— PROBLEM DETAILS —
Could you reproduce, word for word, everything below from the line containing "- Mate:88: coverPolicarbonato2:1" down to the line containing "- Mate:115 (80", with both of those lines included and no others?

★ ★ ★

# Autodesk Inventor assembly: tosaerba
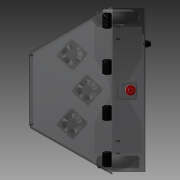
[picture p0: Inventor's stored thumbnail of the model, 180x180]
Saved by Autodesk Inventor 2014 SP2 (Build 180246200, 246)
## iProperties
Created: 2019-04-05
Part Number: tosaerba
Document SubType Name: Assembly
Designer: GauchoHP
Author: GauchoHP
## Documents named in this file (19)
- E:\Dati\Documenti_Emanuele\Svago - Varie\tosaerba\LAWNMOWER-ROBOT-from-Hoverboard-\LawnmowerMechanicalProject\3D PROJECT - INVENTOR 2014\tosaerba.iam
- E:\Dati\Documenti_Emanuele\Svago - Varie\tosaerba\LAWNMOWER-ROBOT-from-Hoverboard-\LawnmowerMechanicalProject\3D PROJECT - INVENTOR 2014\aluminium base plate\piastra.ipt
- C:\Users\GauchoHP\Desktop\old_desktop\tosaerba\LAWNMOWER-ROBOT-from-Hoverboard-\LawnmowerMechanicalProject\3D PROJECT - INVENTOR 2014\motor for blades\old\old1_multicopter_motor\motore.iam
- E:\Dati\Documenti_Emanuele\Svago - Varie\tosaerba\LAWNMOWER-ROBOT-from-Hoverboard-\LawnmowerMechanicalProject\3D PROJECT - INVENTOR 2014\rotating wheels\Assembly15.iam
- E:\Dati\Documenti_Emanuele\Svago - Varie\tosaerba\LAWNMOWER-ROBOT-from-Hoverboard-\LawnmowerMechanicalProject\3D PROJECT - INVENTOR 2014\hoverboard\hoverboard naked.iam
- E:\Dati\Documenti_Emanuele\Svago - Varie\tosaerba\LAWNMOWER-ROBOT-from-Hoverboard-\LawnmowerMechanicalProject\3D PROJECT - INVENTOR 2014\rotating wheels\Assembly1.iam
- E:\Dati\Documenti_Emanuele\Svago - Varie\tosaerba\LAWNMOWER-ROBOT-from-Hoverboard-\LawnmowerMechanicalProject\3D PROJECT - INVENTOR 2014\cover plexiglass\coverPolicarbonato2.ipt
- E:\Dati\Documenti_Emanuele\Svago - Varie\tosaerba\LAWNMOWER-ROBOT-from-Hoverboard-\LawnmowerMechanicalProject\3D PROJECT - INVENTOR 2014\cover plexiglass\sponda laterale policarbonato.ipt
- C:\Users\GauchoHP\Desktop\old_desktop\tosaerba\LAWNMOWER-ROBOT-from-Hoverboard-\LawnmowerMechanicalProject\3D PROJECT - INVENTOR 2014\blades\dadoAutobloccante.ipt
- C:\Users\GauchoHP\Desktop\old_desktop\tosaerba\LAWNMOWER-ROBOT-from-Hoverboard-\LawnmowerMechanicalProject\3D PROJECT - INVENTOR 2014\blades\vite.ipt
- C:\Users\GauchoHP\Desktop\old_desktop\tosaerba\LAWNMOWER-ROBOT-from-Hoverboard-\LawnmowerMechanicalProject\3D PROJECT - INVENTOR 2014\blades\supportoCuscinettoAlto.ipt
- C:\Users\GauchoHP\Desktop\old_desktop\tosaerba\LAWNMOWER-ROBOT-from-Hoverboard-\LawnmowerMechanicalProject\3D PROJECT - INVENTOR 2014\blades\bearing.ipt
- C:\Users\GauchoHP\Desktop\old_desktop\tosaerba\LAWNMOWER-ROBOT-from-Hoverboard-\LawnmowerMechanicalProject\3D PROJECT - INVENTOR 2014\blades\bladeSupport.ipt
- C:\Users\GauchoHP\Desktop\old_desktop\tosaerba\LAWNMOWER-ROBOT-from-Hoverboard-\LawnmowerMechanicalProject\3D PROJECT - INVENTOR 2014\blades\boltCap.ipt
- C:\Users\GauchoHP\Desktop\old_desktop\tosaerba\LAWNMOWER-ROBOT-from-Hoverboard-\LawnmowerMechanicalProject\3D PROJECT - INVENTOR 2014\blades\lametta.ipt
- E:\Dati\Documenti_Emanuele\Svago - Varie\tosaerba\LAWNMOWER-ROBOT-from-Hoverboard-\LawnmowerMechanicalProject\3D PROJECT - INVENTOR 2014\sensors\SensorAssembly.iam
- E:\Dati\Documenti_Emanuele\Svago - Varie\tosaerba\LAWNMOWER-ROBOT-from-Hoverboard-\LawnmowerMechanicalProject\3D PROJECT - INVENTOR 2014\emergency stop button\Emergency Stop Button - Ass.ipt
- E:\Dati\Documenti_Emanuele\Svago - Varie\tosaerba\LAWNMOWER-ROBOT-from-Hoverboard-\LawnmowerMechanicalProject\3D PROJECT - INVENTOR 2014\power button\powerButtonAssembly.iam
- E:\Dati\Documenti_Emanuele\Svago - Varie\tosaerba\LAWNMOWER-ROBOT-from-Hoverboard-\LawnmowerMechanicalProject\3D PROJECT - INVENTOR 2014\motor with blades\motorWithBlades.iam
## Components (30 placed, 18 different names)
1. piastra:1 — Mate:8, Mate:37, Mate:45, Mate:46, Flush:3, Mate:47, Flush:4, Mate:48, Mate:49, Flush:5, Flush:6, Flush:7, Flush:8, Mate:50, Mate:51, Mate:52, Mate:54, Mate:55, Mate:81, Mate:82, Flush:14, Mate:110, Flush:25, Angle:1, Mate:111, Mate:114, Angle:3, Angle:4
2. motore:1 [sub-assembly] — Mate:8, Mate:84, Flush:14
3. Assembly15:1 [sub-assembly] — Mate:54, Mate:55
4. hoverboard naked:1 [sub-assembly] — Mate:37, Flush:2, Mate:48, Mate:112, Mate:115
5. Assembly1:1 [sub-assembly] — Mate:51, Mate:52
6. coverPolicarbonato2:1 — Flush:2, Mate:45, Mate:46, Flush:4, Mate:85, Mate:86, Mate:87, Mate:88, Flush:15, Mate:89, Mate:90, Mate:94, Mate:97, Flush:16, Flush:23, Flush:24, Mate:106, Mate:107, Mate:108, Mate:109
7. sponda laterale policarbonato:1 — Mate:49, Flush:5, Flush:6
8. sponda laterale policarbonato:2 — Flush:7, Flush:8, Mate:50
9. dadoAutobloccante:1 — Mate:65, Flush:10, Mate:67
10. dadoAutobloccante:2 — Mate:68, Mate:71, Mate:82
11. vite:1 — Mate:61, Mate:62, Mate:63, Mate:65, Mate:66, Mate:68, Mate:69, Mate:83, Mate:84
12. supportoCuscinettoAlto:1 — Mate:57, Flush:9, Mate:63, Mate:64
13. bearing:1 — Mate:57, Flush:9, Mate:62, Mate:83
14. bearing:2 — Mate:59, Mate:60
15. supportoCuscinettoAlto:2 — Mate:59, Mate:60, Mate:61, Mate:64, Flush:10, Mate:81
16. bladeSupport:1 — Mate:66, Mate:67, Mate:70, Mate:72, Mate:73, Mate:74, Flush:11, Mate:75, Mate:76, Flush:12, Mate:77, Mate:78, Flush:13, Mate:79, Mate:80
17. boltCap:1 — Mate:69, Mate:70, Mate:71
18. lametta:1 — Mate:72, Mate:73, Mate:74
19. lametta:2 — Flush:11, Mate:75, Mate:76
20. lametta:3 — Flush:12, Mate:77, Mate:78
21. lametta:4 — Flush:13, Mate:79, Mate:80
22. SensorAssembly:1 [sub-assembly] — Mate:85, Flush:15, Mate:89, Flush:18
23. SensorAssembly:2 [sub-assembly] — Mate:86, Mate:94, Flush:17
24. SensorAssembly:3 [sub-assembly] — Mate:87, Mate:97, Flush:16, Flush:17
25. SensorAssembly:4 [sub-assembly] — Mate:88, Mate:90, Flush:18
26. Emergency Stop Button - Ass:1 — Flush:23, Flush:24, Mate:106
27. powerButtonAssembly:1 [sub-assembly] — Mate:107, Mate:108, Mate:109
28. motorWithBlades:1 [sub-assembly] — Mate:110, Flush:25, Angle:1, Mate:116, Mate:117
29. motorWithBlades:2 [sub-assembly] — Mate:114, Angle:3, Mate:115, Mate:116
30. motorWithBlades:3 [sub-assembly] — Mate:111, Mate:112, Angle:4, Mate:117
## Relationships (81: Mate 58, Flush 20, Angle 3)
- Mate:8: piastra:1 ↔ motore:1
- Mate:37: piastra:1 ↔ hoverboard naked:1
- Flush:2 (5.5 mm): hoverboard naked:1 ↔ coverPolicarbonato2:1
- Mate:45: piastra:1 ↔ coverPolicarbonato2:1
- Mate:46 (20 mm): piastra:1 ↔ coverPolicarbonato2:1
- Flush:3: piastra:1
- Mate:47 (66 mm): piastra:1
- Flush:4 (8 mm): piastra:1 ↔ coverPolicarbonato2:1
- Mate:48 (5 mm): piastra:1 ↔ hoverboard naked:1
- Mate:49: piastra:1 ↔ sponda laterale policarbonato:1
- Flush:5: piastra:1 ↔ sponda laterale policarbonato:1
- Flush:6 (20 mm): piastra:1 ↔ sponda laterale policarbonato:1
- Flush:7: piastra:1 ↔ sponda laterale policarbonato:2
- Flush:8 (-20 mm): piastra:1 ↔ sponda laterale policarbonato:2
- Mate:50: piastra:1 ↔ sponda laterale policarbonato:2
- Mate:51: piastra:1 ↔ Assembly1:1
- Mate:52: piastra:1 ↔ Assembly1:1
- Mate:54: piastra:1 ↔ Assembly15:1
- Mate:55: piastra:1 ↔ Assembly15:1
- Mate:57: supportoCuscinettoAlto:1 ↔ bearing:1
- Mate:59: bearing:2 ↔ supportoCuscinettoAlto:2
- Mate:60: bearing:2 ↔ supportoCuscinettoAlto:2
- Mate:61: vite:1 ↔ supportoCuscinettoAlto:2
- Flush:9: supportoCuscinettoAlto:1 ↔ bearing:1
- Mate:62: vite:1 ↔ bearing:1
- Mate:63 (-3 mm): vite:1 ↔ supportoCuscinettoAlto:1
- Mate:64 (3 mm): supportoCuscinettoAlto:1 ↔ supportoCuscinettoAlto:2
- Mate:65: dadoAutobloccante:1 ↔ vite:1
- Flush:10 (-10 mm): dadoAutobloccante:1 ↔ supportoCuscinettoAlto:2
- Mate:66: vite:1 ↔ bladeSupport:1
- Mate:67: dadoAutobloccante:1 ↔ bladeSupport:1
- Mate:68: dadoAutobloccante:2 ↔ vite:1
- Mate:69: vite:1 ↔ boltCap:1
- Mate:70: bladeSupport:1 ↔ boltCap:1
- Mate:71: dadoAutobloccante:2 ↔ boltCap:1
- Mate:72: bladeSupport:1 ↔ lametta:1
- Mate:73: bladeSupport:1 ↔ lametta:1
- Mate:74: bladeSupport:1 ↔ lametta:1
- Flush:11 (-0.8 mm): bladeSupport:1 ↔ lametta:2
- Mate:75: bladeSupport:1 ↔ lametta:2
- Mate:76: bladeSupport:1 ↔ lametta:2
- Flush:12 (-0.8 mm): bladeSupport:1 ↔ lametta:3
- Mate:77: bladeSupport:1 ↔ lametta:3
- Mate:78: bladeSupport:1 ↔ lametta:3
- Flush:13 (-0.8 mm): bladeSupport:1 ↔ lametta:4
- Mate:79: bladeSupport:1 ↔ lametta:4
- Mate:80: bladeSupport:1 ↔ lametta:4
- Mate:81: piastra:1 ↔ supportoCuscinettoAlto:2
- Mate:82: piastra:1 ↔ dadoAutobloccante:2
- Mate:83: vite:1 ↔ bearing:1
- Mate:84: motore:1 ↔ vite:1
- Flush:14 (15.364 mm): piastra:1 ↔ motore:1
- Mate:85: coverPolicarbonato2:1 ↔ SensorAssembly:1
- Mate:86: coverPolicarbonato2:1 ↔ SensorAssembly:2
- Mate:87: coverPolicarbonato2:1 ↔ SensorAssembly:3
- Mate:88: coverPolicarbonato2:1 ↔ SensorAssembly:4
- Flush:15 (20 mm): coverPolicarbonato2:1 ↔ SensorAssembly:1
- Mate:89 (3 mm): coverPolicarbonato2:1 ↔ SensorAssembly:1
- Mate:90 (3 mm): coverPolicarbonato2:1 ↔ SensorAssembly:4
- Mate:94 (3 mm): coverPolicarbonato2:1 ↔ SensorAssembly:2
- Mate:97 (3 mm): coverPolicarbonato2:1 ↔ SensorAssembly:3
- Flush:16 (20 mm): coverPolicarbonato2:1 ↔ SensorAssembly:3
- Flush:17 (167.5 mm): SensorAssembly:2 ↔ SensorAssembly:3
- Flush:18 (167.5 mm): SensorAssembly:1 ↔ SensorAssembly:4
- Flush:23 (3 mm): coverPolicarbonato2:1 ↔ Emergency Stop Button - Ass:1
- Flush:24 (-264 mm): coverPolicarbonato2:1 ↔ Emergency Stop Button - Ass:1
- Mate:106 (30 mm): coverPolicarbonato2:1 ↔ Emergency Stop Button - Ass:1
- Mate:107: coverPolicarbonato2:1 ↔ powerButtonAssembly:1
- Mate:108 (-130 mm): coverPolicarbonato2:1 ↔ powerButtonAssembly:1
- Mate:109 (-60 mm): coverPolicarbonato2:1 ↔ powerButtonAssembly:1
- Mate:110: piastra:1 ↔ motorWithBlades:1
- Flush:25 (3 mm): piastra:1 ↔ motorWithBlades:1
- Angle:1 (45 deg): piastra:1 ↔ motorWithBlades:1
- Mate:111: piastra:1 ↔ motorWithBlades:3
- Mate:112 (80 mm): hoverboard naked:1 ↔ motorWithBlades:3
- Mate:114: piastra:1 ↔ motorWithBlades:2
- Angle:3 (45 deg): piastra:1 ↔ motorWithBlades:2
- Mate:115 (80 mm): hoverboard naked:1 ↔ motorWithBlades:2
- Mate:116 (45 mm): motorWithBlades:1 ↔ motorWithBlades:2
- Angle:4 (45 deg): piastra:1 ↔ motorWithBlades:3
- Mate:117 (45 mm): motorWithBlades:1 ↔ motorWithBlades:3

★ ★ ★

— RESPONSE BOX —
- Mate:88: coverPolicarbonato2:1 ↔ SensorAssembly:4
- Flush:15 (20 mm): coverPolicarbonato2:1 ↔ SensorAssembly:1
- Mate:89 (3 mm): coverPolicarbonato2:1 ↔ SensorAssembly:1
- Mate:90 (3 mm): coverPolicarbonato2:1 ↔ SensorAssembly:4
- Mate:94 (3 mm): coverPolicarbonato2:1 ↔ SensorAssembly:2
- Mate:97 (3 mm): coverPolicarbonato2:1 ↔ SensorAssembly:3
- Flush:16 (20 mm): coverPolicarbonato2:1 ↔ SensorAssembly:3
- Flush:17 (167.5 mm): SensorAssembly:2 ↔ SensorAssembly:3
- Flush:18 (167.5 mm): SensorAssembly:1 ↔ SensorAssembly:4
- Flush:23 (3 mm): coverPolicarbonato2:1 ↔ Emergency Stop Button - Ass:1
- Flush:24 (-264 mm): coverPolicarbonato2:1 ↔ Emergency Stop Button - Ass:1
- Mate:106 (30 mm): coverPolicarbonato2:1 ↔ Emergency Stop Button - Ass:1
- Mate:107: coverPolicarbonato2:1 ↔ powerButtonAssembly:1
- Mate:108 (-130 mm): coverPolicarbonato2:1 ↔ powerButtonAssembly:1
- Mate:109 (-60 mm): coverPolicarbonato2:1 ↔ powerButtonAssembly:1
- Mate:110: piastra:1 ↔ motorWithBlades:1
- Flush:25 (3 mm): piastra:1 ↔ motorWithBlades:1
- Angle:1 (45 deg): piastra:1 ↔ motorWithBlades:1
- Mate:111: piastra:1 ↔ motorWithBlades:3
- Mate:112 (80 mm): hoverboard naked:1 ↔ motorWithBlades:3
- Mate:114: piastra:1 ↔ motorWithBlades:2
- Angle:3 (45 deg): piastra:1 ↔ motorWithBlades:2
- Mate:115 (80 mm): hoverboard naked:1 ↔ motorWithBlades:2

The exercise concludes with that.